Regardless of the particular operating characteristics required for a given set of the shaped charges 11, the inner charge cases 27 are respectively mounted within complementally-shaped hollow containers or outer cases, as at 29, which, in the illustrated embodiment of the present invention, are preferably made from a suitable high-strength thermoplastic material that enables the cases to be economically fabricated by means such as an appropriate injection molding process. Although it has been found that a preferred material for these outer containers 29 as well as the upper and lower base supports 18 and 19 is a glass-filled nylon such as presently marketed by the DuPont Corporation under the trademark of "Zytel", those skilled in the art will recognize that other plastics with similar high-temperature and high-strength characteristics may also be used for fabricating the outer cases 29 as well as the base supports 18 and 19.

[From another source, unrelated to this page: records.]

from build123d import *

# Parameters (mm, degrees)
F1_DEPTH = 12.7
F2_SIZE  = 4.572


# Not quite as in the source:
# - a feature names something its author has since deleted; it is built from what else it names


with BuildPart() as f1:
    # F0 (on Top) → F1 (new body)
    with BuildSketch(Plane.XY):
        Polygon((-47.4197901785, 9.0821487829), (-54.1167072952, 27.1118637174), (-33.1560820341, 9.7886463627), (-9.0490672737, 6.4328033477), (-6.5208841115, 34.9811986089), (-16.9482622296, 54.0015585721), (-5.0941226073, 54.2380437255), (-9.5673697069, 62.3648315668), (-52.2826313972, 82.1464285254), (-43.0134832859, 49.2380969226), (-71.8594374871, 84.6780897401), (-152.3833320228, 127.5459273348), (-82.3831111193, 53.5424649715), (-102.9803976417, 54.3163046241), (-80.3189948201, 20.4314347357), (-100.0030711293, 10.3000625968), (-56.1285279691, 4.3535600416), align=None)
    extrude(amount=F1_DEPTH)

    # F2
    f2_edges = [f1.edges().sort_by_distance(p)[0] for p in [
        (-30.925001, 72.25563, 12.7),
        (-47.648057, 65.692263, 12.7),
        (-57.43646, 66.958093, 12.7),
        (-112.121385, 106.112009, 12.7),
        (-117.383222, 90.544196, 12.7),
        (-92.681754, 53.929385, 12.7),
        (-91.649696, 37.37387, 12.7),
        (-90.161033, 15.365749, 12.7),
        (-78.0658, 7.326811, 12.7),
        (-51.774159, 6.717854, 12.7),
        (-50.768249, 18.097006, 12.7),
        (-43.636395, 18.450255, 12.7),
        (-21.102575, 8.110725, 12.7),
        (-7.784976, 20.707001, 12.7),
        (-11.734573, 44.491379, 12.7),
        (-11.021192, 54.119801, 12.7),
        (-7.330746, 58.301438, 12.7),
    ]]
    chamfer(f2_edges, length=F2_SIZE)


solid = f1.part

As illustrated in FIG. 1, it will be appreciated that by virtue of the unique configuration of the several outer cases, as at 29, the intertwined assembly 12 is comprised of a first stacked structure of serially-arranged cases, as shown at A1, A2 . . . An, a second stacked structure formed with other serially-arranged cases, as shown at B1, B2 . . . Bn, as well as a third stacked structure of still another group of serially-arranged charge cases, as shown at C1 . . . Cn-1 and Cn.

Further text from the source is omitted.